On first glance, this seems in more than a few ways like Mann’s least sui generis effort. Groundbreaking, intermittently beautiful cinematography aside, it does boil down to his most comprehensible action-styled plot, which evidently has had no small effect on its popularity among non-Mann obssessives (the lean and compact runtime doesn’t hurt either). But despite some missteps, especially from the start of the film to just after Vincent is introduced, it finds its groove, delivering some of the most loaded scenes of Mann’s career (both taking place in clubs) as well as his first great action scene in digital: a man hunting for others in a high-rise office building in LA, silhouetted with a raised pistol.
Lightning as a visual rather than a thematic connector, dancing as a celebration of the individual body rather than of a specific emotional context, a speedboat designed for dangerous and covert operations repurposed for pure pleasure. Pure Mann, his most deliriously romantic film in spite of, and in many ways because of, his complete grounding in the world of professionals.
Calling this quotidian (a label which fits so many other of the best films released in 2016) would be fundamentally false; its elisions are in some ways the key to this dreamy movie. But Sunset Song is nevertheless about the moments that seem at once extraordinarily important and inconsequential. Davies captures the everyday in a way that seems loaded with import; the most ambitious moment may come when the moment of conception is conflated with the birth which is conflated with yet another birth, but the flow of scenes is so quietly spectacular, so logical yet emotional. The film does build to a high, but the lows do very little to obfuscate the movie’s power, and by the final dissolve, everything and nothing has changed.

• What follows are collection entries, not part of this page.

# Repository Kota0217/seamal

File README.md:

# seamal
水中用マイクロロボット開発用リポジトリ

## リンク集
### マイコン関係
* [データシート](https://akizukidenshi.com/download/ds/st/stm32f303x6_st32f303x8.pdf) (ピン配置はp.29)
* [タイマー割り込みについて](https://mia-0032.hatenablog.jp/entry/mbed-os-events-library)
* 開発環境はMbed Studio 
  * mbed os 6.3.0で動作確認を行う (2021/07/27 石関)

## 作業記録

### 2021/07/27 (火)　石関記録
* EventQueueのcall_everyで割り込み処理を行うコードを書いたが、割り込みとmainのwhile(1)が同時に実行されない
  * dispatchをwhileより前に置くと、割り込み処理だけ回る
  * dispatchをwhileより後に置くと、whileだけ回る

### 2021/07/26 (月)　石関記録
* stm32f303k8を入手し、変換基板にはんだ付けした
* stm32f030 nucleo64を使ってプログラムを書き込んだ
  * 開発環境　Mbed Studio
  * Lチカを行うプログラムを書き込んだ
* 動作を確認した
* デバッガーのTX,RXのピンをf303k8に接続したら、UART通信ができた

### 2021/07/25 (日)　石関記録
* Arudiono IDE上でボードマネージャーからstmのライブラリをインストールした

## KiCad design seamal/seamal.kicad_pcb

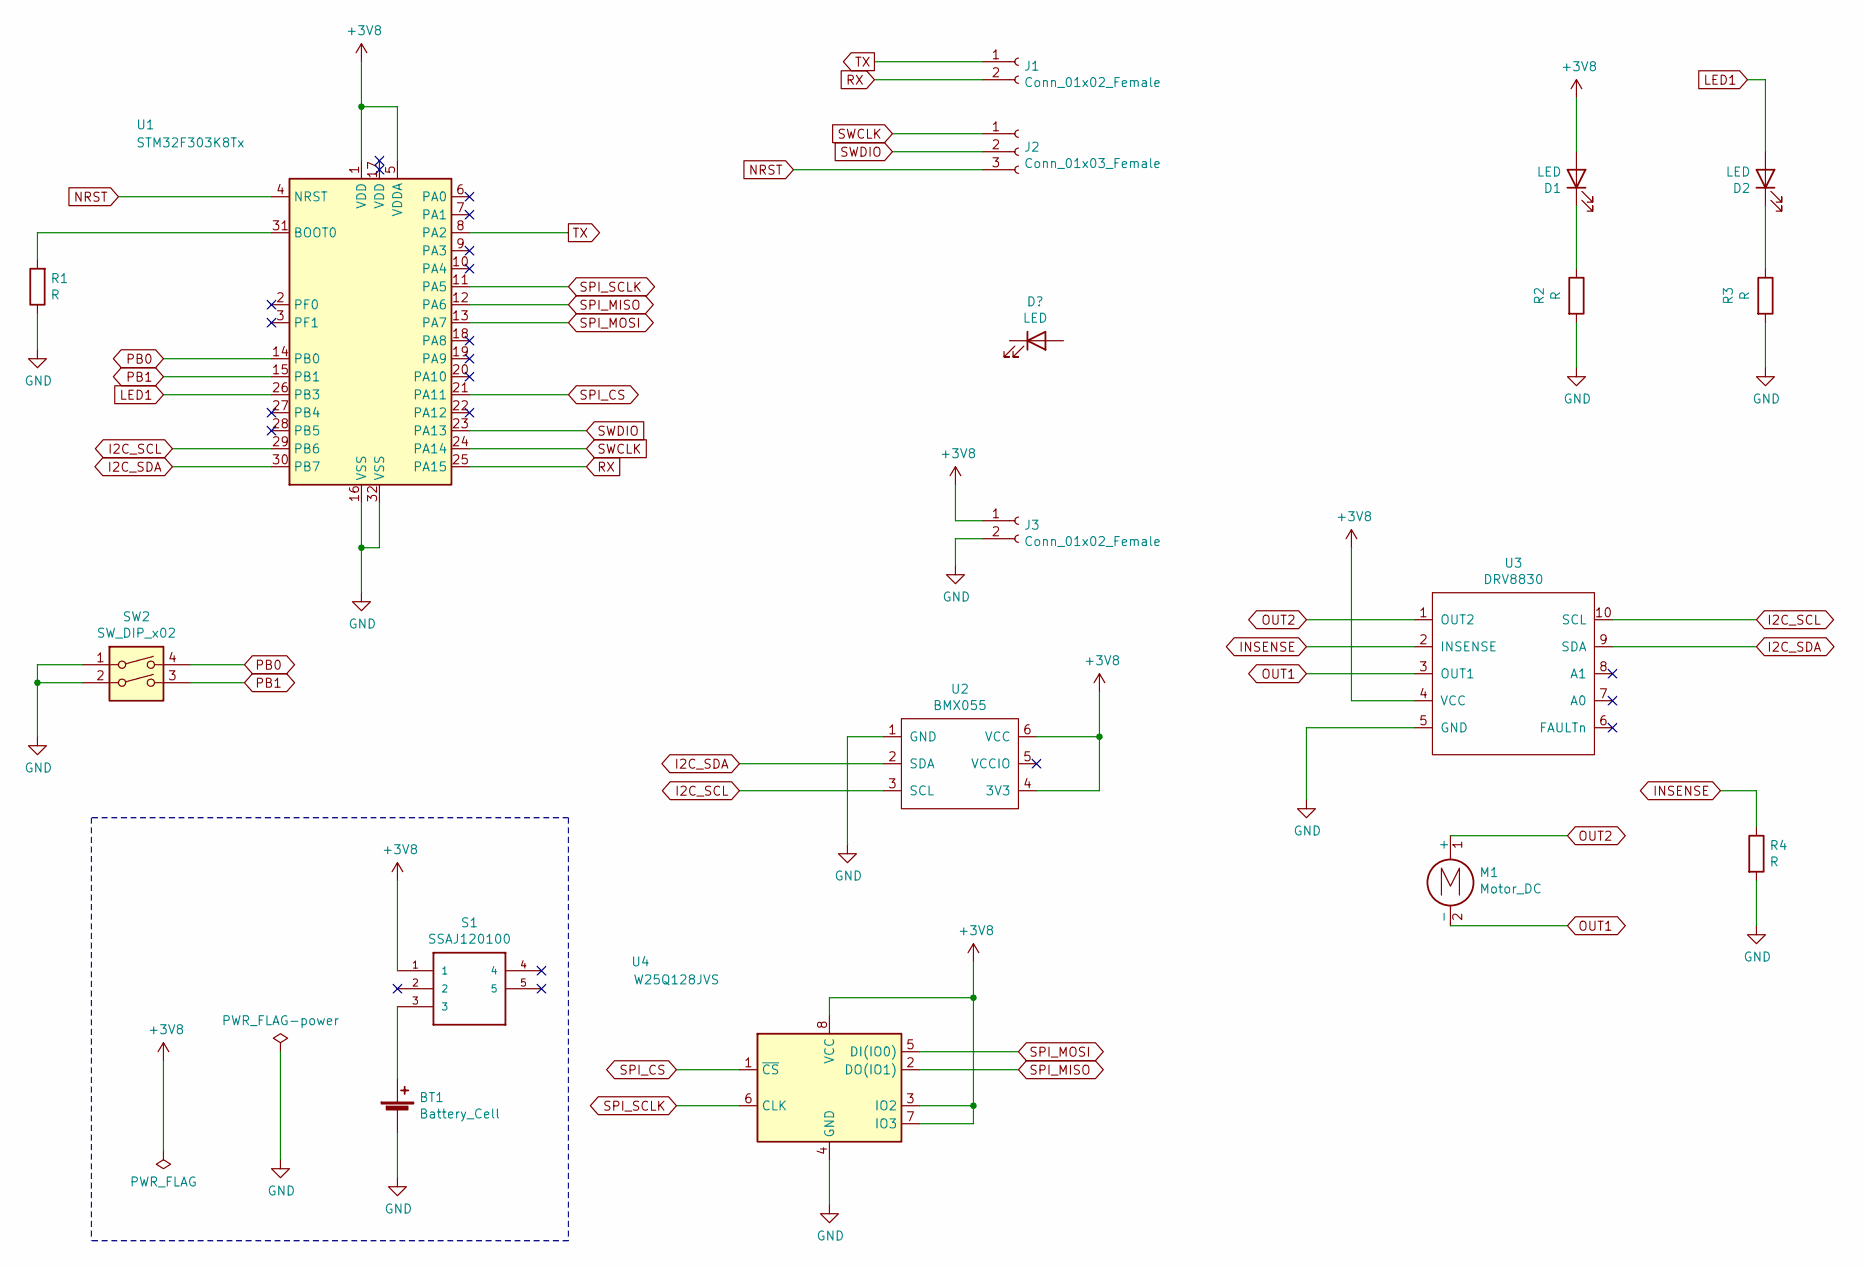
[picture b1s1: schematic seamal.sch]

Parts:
BT1: Battery_Cell; R_0805_2012Metric_Pad1.20x1.40mm_HandSolder
D1, D2: LED; LED_0603_1608Metric_Pad1.05x0.95mm_HandSolder
J1, J3: Conn_01x02_Female; PinSocket_1x02_P2.00mm_Vertical
J2: Conn_01x03_Female; PinSocket_1x03_P2.00mm_Vertical
M1: Motor_DC; R_0805_2012Metric_Pad1.20x1.40mm_HandSolder
R1, R2, R3, R4: R; R_0805_2012Metric_Pad1.20x1.40mm_HandSolder
S1: SSAJ120100; Mouser_Part_Number 688-SSAJ120100
SW2: SW_DIP_x02; SW_DIP_SPSTx02_Slide_KingTek_DSHP02TS_W7.62mm_P1.27mm
U1: STM32F303K8Tx; LQFP-32_7x7mm_P0.8mm
U2: BMX055
U3: DRV8830; DRV8830DGQ
U4: W25Q128JVS; SOIC-8_5.23x5.23mm_P1.27mm

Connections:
+3V8: D1.2 (A), J3.1, S1.1, U1.1 (VDD), U1.5 (VDDA), U2.4 (3V3), U2.6 (VCC), U3.4 (VCC), U4.3 (IO2), U4.7 (IO3), U4.8 (VCC)
GND: BT1.2 (-), J3.2, R1.1, R2.2, R3.2, R4.2, SW2.1, SW2.2, U1.16 (VSS), U1.32 (VSS), U2.1 (GND), U3.5 (GND), U4.4 (GND)
I2C_SCL: U1.29 (PB6), U2.3 (SCL), U3.10 (SCL)
I2C_SDA: U1.30 (PB7), U2.2 (SDA), U3.9 (SDA)
INSENSE: R4.1, U3.2 (INSENSE)
LED1: D2.2 (A), U1.26 (PB3)
NRST: J2.3, U1.4 (NRST)
unnamed: BT1.1 (+), S1.3
unnamed: D1.1 (K), R2.1
unnamed: D2.1 (K), R3.1
unnamed: R1.2, U1.31 (BOOT0)
OUT1: M1.2 (-), U3.3 (OUT1); also elsewhere on the board
OUT2: M1.1 (+), U3.1 (OUT2); also elsewhere on the board
PB0: SW2.4, U1.14 (PB0)
PB1: SW2.3, U1.15 (PB1)
RX: J1.2, U1.25 (PA15)
SPI_CS: U1.21 (PA11), U4.1 (~CS)
SPI_MISO: U1.12 (PA6), U4.2 (DO(IO1))
SPI_MOSI: U1.13 (PA7), U4.5 (DI(IO0))
SPI_SCLK: U1.11 (PA5), U4.6 (CLK)
SWCLK: J2.1, U1.24 (PA14)
SWDIO: J2.2, U1.23 (PA13)
TX: J1.1, U1.8 (PA2)

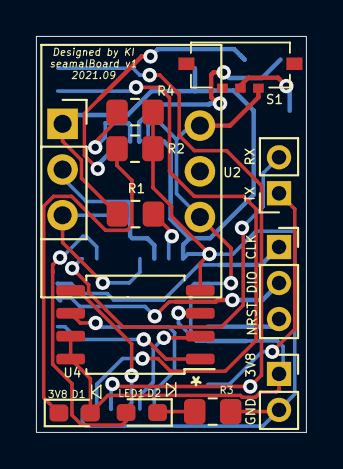
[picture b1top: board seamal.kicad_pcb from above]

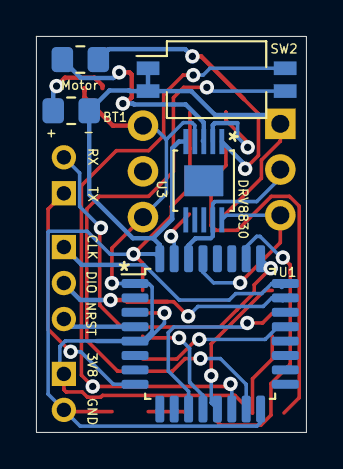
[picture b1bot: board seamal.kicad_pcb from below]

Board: 2 copper layers, 15.0 x 22.0 mm, 17 parts (5 on the bottom side), 23 nets.

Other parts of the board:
Motor: Motor_DC; R_0805_2012Metric_Pad1.20x1.40mm_HandSolder

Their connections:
OUT1: Motor.2; also elsewhere on the board
OUT2: Motor.1; also elsewhere on the board

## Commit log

2021-07-25 作業記録の更新
2021-07-26 記録を追記
2021-07-27 作業履歴を更新
2021-07-27 記録更新
2021-09-12 Delete main.cpp
    delete
2021-10-22 test
2021-10-22 delete
2021-10-22 board_info
2021-10-22 deleted
2021-10-22 test1

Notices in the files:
parts and their libraries:
Copyright 2021 Accelerated Designs. All rights reserved.

The first Michael Mann film to be completely shot on digital, and yet the film feels like it owns the best of both HD and 35mm. It holds all of the immediacy and expressionism of its format without sacrificing most of the lushness and beauty of celluloid. It is for this reason that Public Enemies doesn’t seem to me a blunt challenge to the ideas of the past as it does an evolutionary act, a molding of the past into something present. Mann’s sense of kineticism is pushed virtually to the limit, compressing what should seem like grand setpieces into just another part of Dillinger’s rapidly moving life. And it is Mann’s most romantic film, tied not only to music but to little shared moments that reveal a whole nation’s sense of weightlessness.
A Bigger Splash
Almost deliberately off-putting in the way that Guadagnino cuts up long scenes of langour into fragments, and I’m still not sure whether I’m over- or under-appreciating this film. It reads as too inscrutable, especially because it keeps hinting that Something will go wrong in this almost idyllic place where astonishingly attractive people are simply hanging out. When it fully embraces that sense, as in the final quarter, or when it fully rejects it, A Bigger Splash feels truly at ease, but it comes off as awkward for its majority.